La promesa de una nueva humanidad

Van llegando poco a poco. Cada uno/a desde sus casas, sus compromisos, de sus vivencias cotidianas. Nunca se empieza con puntualidad. Quien llega va saludando a todos/as. Y, a veces, aunque se haya empezado, se comienza de nuevo. Porque cada persona que se recibe es importante y da calor y color a la celebración.
Mientras llegan se han ido comentando las noticias de la semana: el último salto de la valla, la redada reciente, ese hombre que no sabe dónde va a dormir esta noche, la manifestación contra el terrorismo y la guerra del domingo pasado… Y cuando, al fin, empieza la celebración se continúan compartiendo estas informaciones y otras, que comunican otros amigos y amigas, junto a nuevas convocatorias.
Predominan los símbolos esparcidos sobre la mesa, velas, flores, fotos… junto a las canciones que denuncian, motivan y nos hacen vibrar, movernos. Y las buenas vibraciones al sentirnos unidos, se reflejan en el contacto corporal con las manos, las miradas, los abrazos. Porque el cuerpo también es sagrado y necesita expresarse, entrar en relación.
Se leen textos del Corán, de la Biblia. Y también escritos de poetas, testigos, profetisas. Y se va tomando la palabra. Una palabra plena de vida, de dolor, de indignación, de sentimiento, de lucha y esperanza. Palabras que conmueven, que convocan al silencio, a la contemplación, que desafían, provocan, motivan.
Palabras dolientes, agradecidas, sinceras, de personas que han tenido que abandonar sus hogares, sus países de origen, que han tenido que sufrir innumerables violencias y marginación, hasta que han encontrado un grupo de amigas y amigos que les han ayudado a encontrar una habitación, a buscar un trabajo, a regularizar sus papeles, a coger un autobús que les conduzca hacia otro país de destino.
En cada celebración se hace presente el dolor, la rabia, la impotencia ante tanto sufrimiento y exclusión. Las cruces de la vida, impuestas, inhumanas, criminales. Pero también brotan las ilusiones, las pequeñas victorias, los papeles concedidos, el trabajo conseguido, la amistad que crece y aflora aún el invierno reinante, la acción de gracias por haber encontrado un grupo de gente que te ayuda desinteresadamente, sin pedir nada a cambio, simplemente por sentirnos hermanos y hermanas. El Reino de Dios, ese otro mundo posible y fraterno, que se hace presente en esta pequeña comunidad variopinta, multicultural e itinerante que se reúne los martes en la calle Mallorca,4 de Madrid, donde viven nuestras queridas amigas, Carre, Mayte y Pepa, mujeres rebosantes de ternura y solidaridad, luchadoras incansables para borrar las fronteras, diciendo con sus vidas que nadie es ilegal, que todos somos hermanos/as.
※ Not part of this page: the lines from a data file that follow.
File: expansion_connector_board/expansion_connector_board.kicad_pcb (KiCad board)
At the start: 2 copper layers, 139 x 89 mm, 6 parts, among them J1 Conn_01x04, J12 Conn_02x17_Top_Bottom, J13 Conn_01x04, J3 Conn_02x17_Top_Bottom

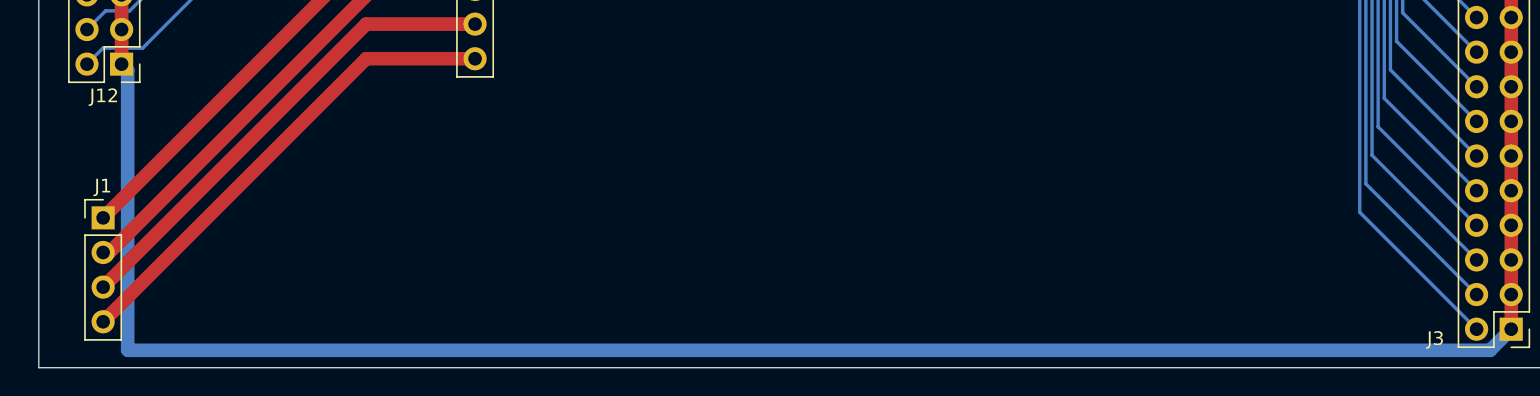
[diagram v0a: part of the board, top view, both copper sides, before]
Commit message: update floppy header names to match underlying boards
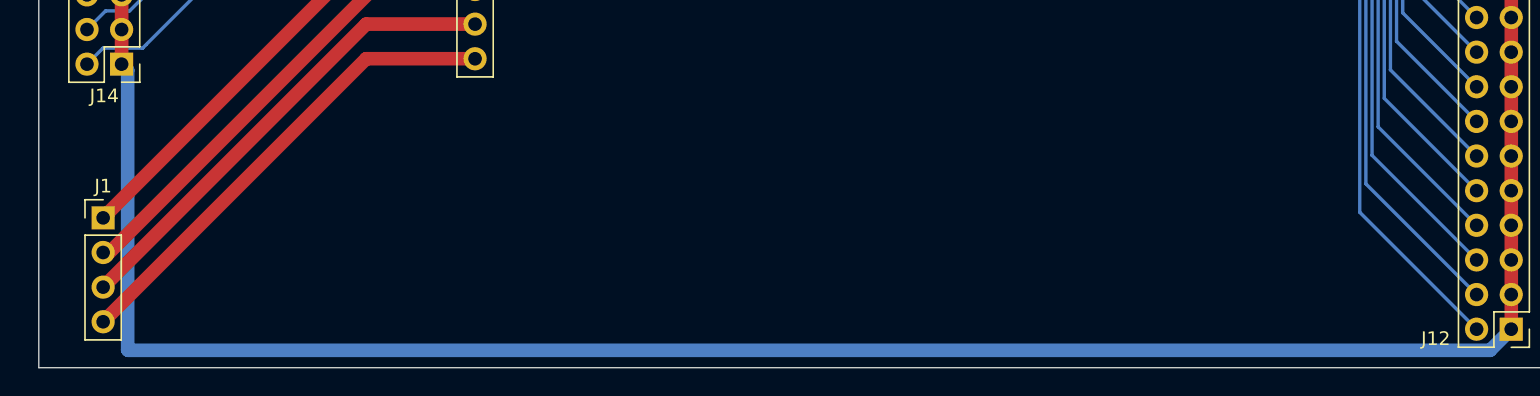
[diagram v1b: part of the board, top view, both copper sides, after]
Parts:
- renumbered J3 to J12, J12 to J14

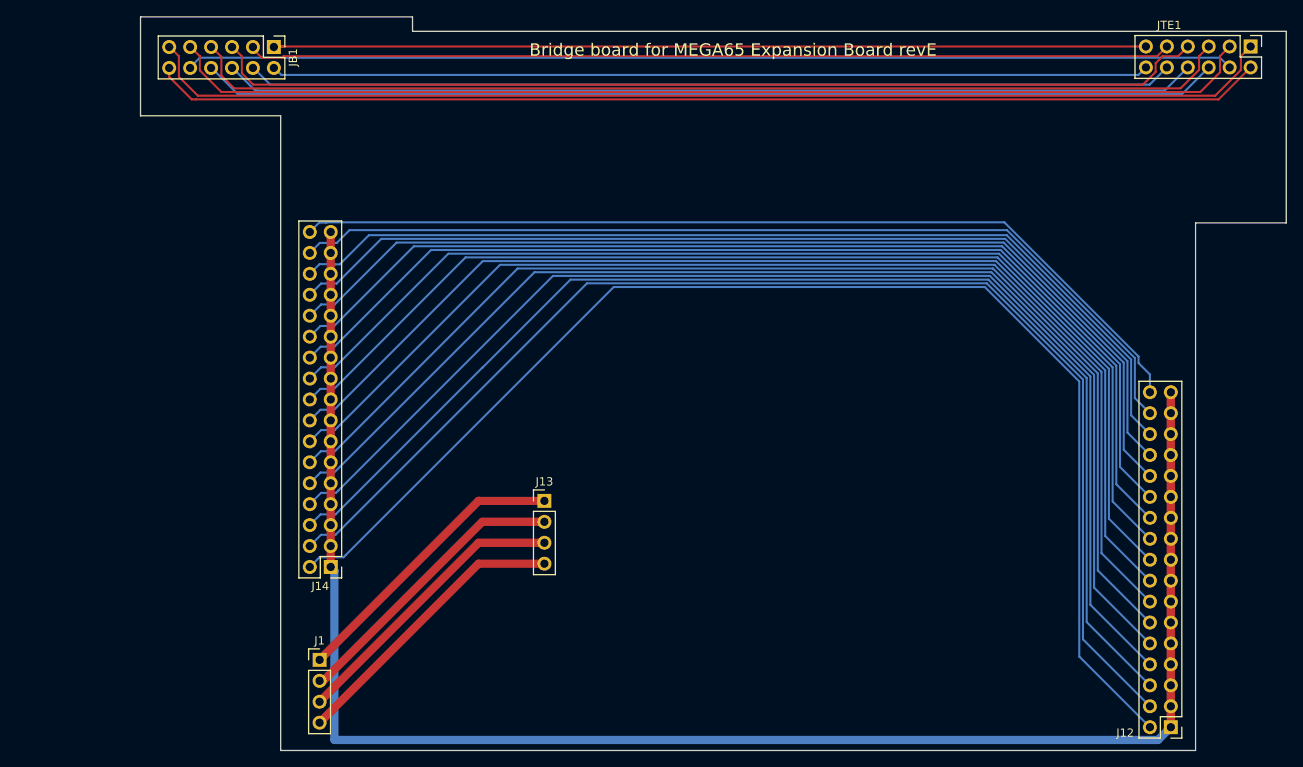
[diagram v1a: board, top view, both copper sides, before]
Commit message: update to kicad 7. begin adding ESP32
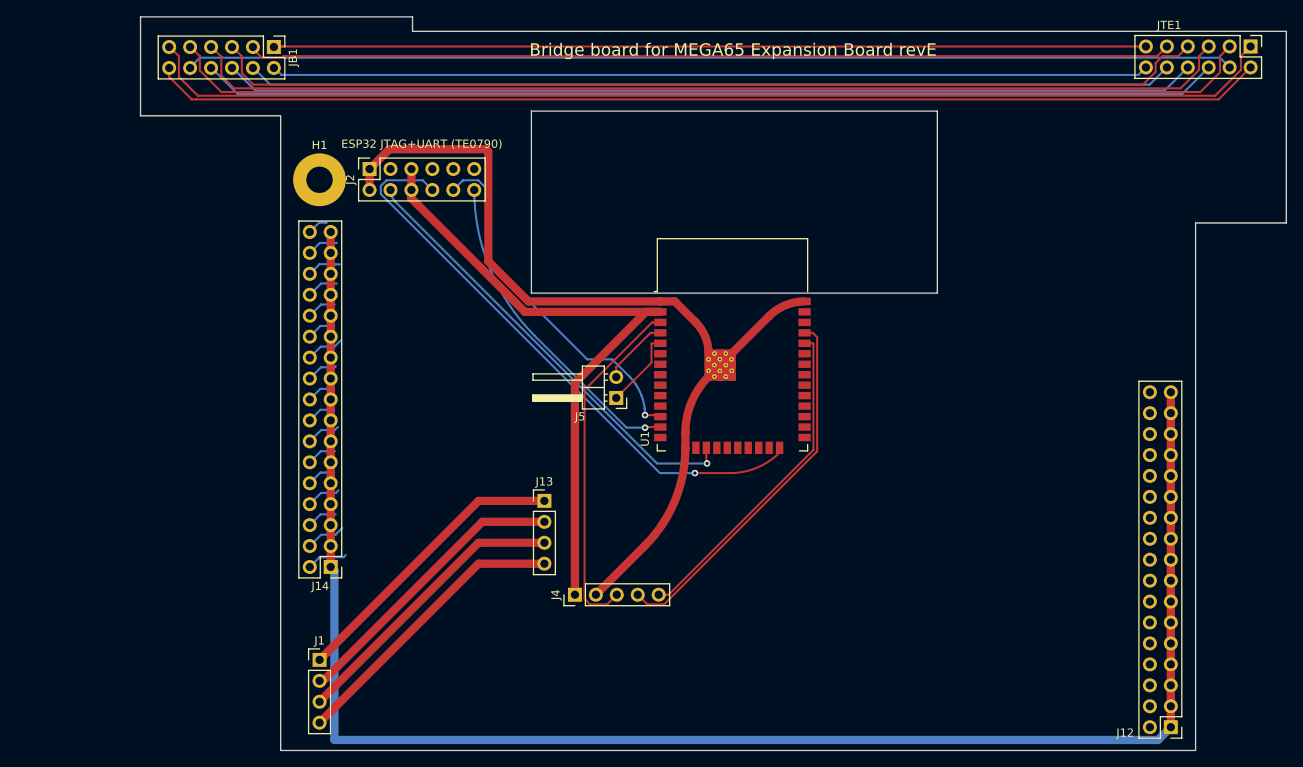
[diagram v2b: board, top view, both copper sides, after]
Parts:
- added H1: TE0790 Orienting Hole for ESP32 JTAG, MountingHole:MountingHole_3.2mm_M3_Pad, F.Cu at (78.7, 54.8)
- added J2: ESP32 JTAG+UART (TE0790), Connector_PinHeader_2.54mm:PinHeader_2x06_P2.54mm_Vertical, F.Cu at (84.8, 56.1)
- added J4: ESP32/Peripheral UART Interface, Connector_PinHeader_2.54mm:PinHeader_1x05_P2.54mm_Vertical, F.Cu at (109.7, 105.1)
- added J5: Conn_01x02, Connector_PinHeader_2.54mm:PinHeader_1x02_P2.54mm_Horizontal, F.Cu at (114.7, 81.2)
- added U1: ESP32-WROOM-32D, RF_Module:ESP32-WROOM-32D, F.Cu at (128.8, 77.8)
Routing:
- net Net-(J12-Pin_2): track 157.7 -> 4.95 mm
- net Net-(J12-Pin_4): track 154.8 -> 4.84 mm
- net Net-(J12-Pin_6): track 152.0 -> 3.67 mm
- net Net-(J12-Pin_8): track 149.2 -> 4.18 mm
- net Net-(J12-Pin_10): track 146.3 -> 3.49 mm
- net Net-(J12-Pin_12): track 143.5 -> 3.61 mm
- net Net-(J12-Pin_14): track 140.6 -> 4.13 mm
- net Net-(J12-Pin_16): track 137.8 -> 3.49 mm
- net Net-(J12-Pin_18): track 134.9 -> 3.48 mm
- net Net-(J12-Pin_20): track 132.1 -> 3.78 mm
- net Net-(J12-Pin_22): track 129.2 -> 4.59 mm
- net Net-(J12-Pin_24): track 126.4 -> 3.50 mm
- net Net-(J12-Pin_26): track 123.5 -> 3.59 mm
- net Net-(J12-Pin_28): track 120.7 -> 3.82 mm
- net Net-(J12-Pin_30): track 118.6 -> 4.84 mm
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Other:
- outline, holes or cut-outs redrawn

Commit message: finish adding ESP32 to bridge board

El color, el calor, la preocupación de unas hacia otros, la sonrisa, el trabajo, la lucha, la ilusión de quienes pasan por allí, hacen que cada celebración sea una fiesta de la vida, esa existencia diaria rebosante de incertidumbres, pero también de solidaridad, alegrías y ternura.
En medio de matrimonios, religiosas, emigrantes de distintas nacionalidades (aunque predominan los africanos), religiosos, solteros, y últimamente un preciosos perro, todas y todos comprometidos por un mundo sin diferencias ni exclusiones, más humano, en el que nadie sea ilegal… me siento bendecido por cada uno de ellos y ellas. Y, por lo tanto, por el Dios bueno al que podemos llamar con cualquier nombre: Dios, Alá, Padre y Madre, Bondad, Justicia, Esperanza, Libertad, Misericordia…
Al final se comparte lo que cada uno ha llevado para la cena. Es el ágape de una comunidad comprometida, fraterna, abierta, fronteriza. Es algo así como mi eucaristía semanal. Donde la muerte y el sufrimiento se concretizan y la resurrección se hace también presente, iluminando el presente y el futuro. Y la vida sigue su curso al bajar las escaleras, con una sonrisa en los labios y el gozo de haber podido celebrar la promesa de una nueva humanidad.